→ Directions for this task
Only lines containing "part" belong in the answer, each copied from the entries below.

→ Input material
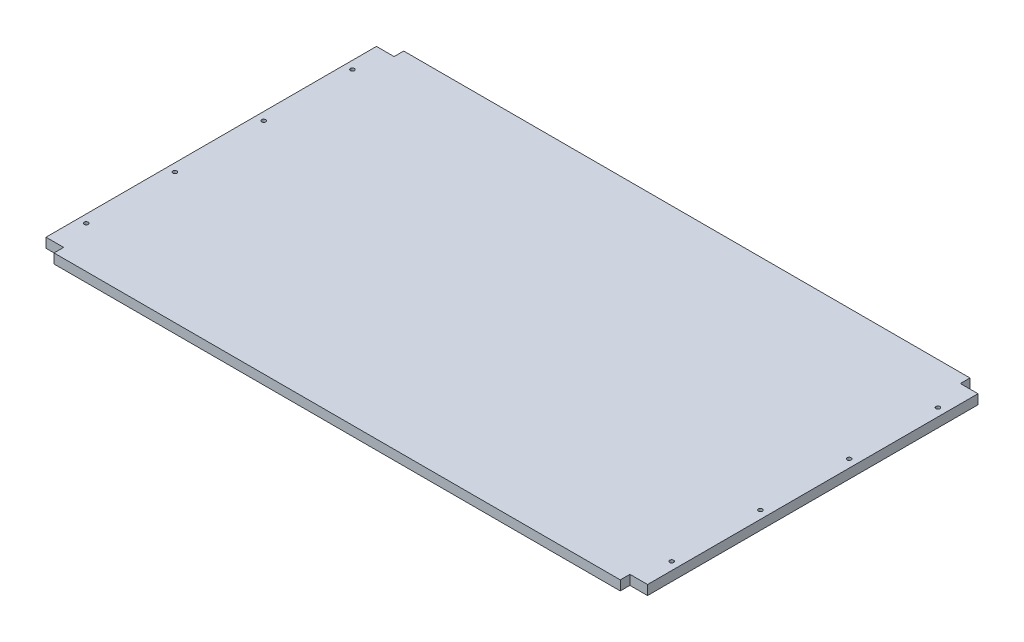
from build123d import *

# Parameters (mm, degrees)
SKETCH1_R           = 2.5
BOSS_EXTRUDE1_DEPTH = 12


with BuildPart() as part:
    # Sketch1 → Boss-Extrude1 (new body)
    with BuildSketch(Plane(origin=(0, 0, 0), x_dir=(1, 0, 0), z_dir=(0, 1, 0))):
        Polygon((0, 0), (0, 12), (-22, 12), (-22, 424), (0, 424), (0, 436), (706, 436), (706, 424), (728, 424), (728, 12), (706, 12), (706, 0), align=None)
        with Locations(Location((-12, 52, 0), (0, 0, 270))):
            Circle(SKETCH1_R, mode=Mode.SUBTRACT)
        with Locations(Location((-12, 162.666666667, 0), (0, 0, 270))):
            Circle(SKETCH1_R, mode=Mode.SUBTRACT)
        with Locations(Location((-12, 273.333333333, 0), (0, 0, 270))):
            Circle(SKETCH1_R, mode=Mode.SUBTRACT)
        with Locations(Location((-12, 384, 0), (0, 0, 270))):
            Circle(SKETCH1_R, mode=Mode.SUBTRACT)
        with Locations(Location((718, 384, 0), (0, 0, 90))):
            Circle(SKETCH1_R, mode=Mode.SUBTRACT)
        with Locations(Location((718, 273.333333333, 0), (0, 0, 90))):
            Circle(SKETCH1_R, mode=Mode.SUBTRACT)
        with Locations(Location((718, 162.666666667, 0), (0, 0, 90))):
            Circle(SKETCH1_R, mode=Mode.SUBTRACT)
        with Locations(Location((718, 52, 0), (0, 0, 90))):
            Circle(SKETCH1_R, mode=Mode.SUBTRACT)
    extrude(amount=BOSS_EXTRUDE1_DEPTH)


solid = part.part

→ Output for this exercise
with BuildPart() as part:
solid = part.part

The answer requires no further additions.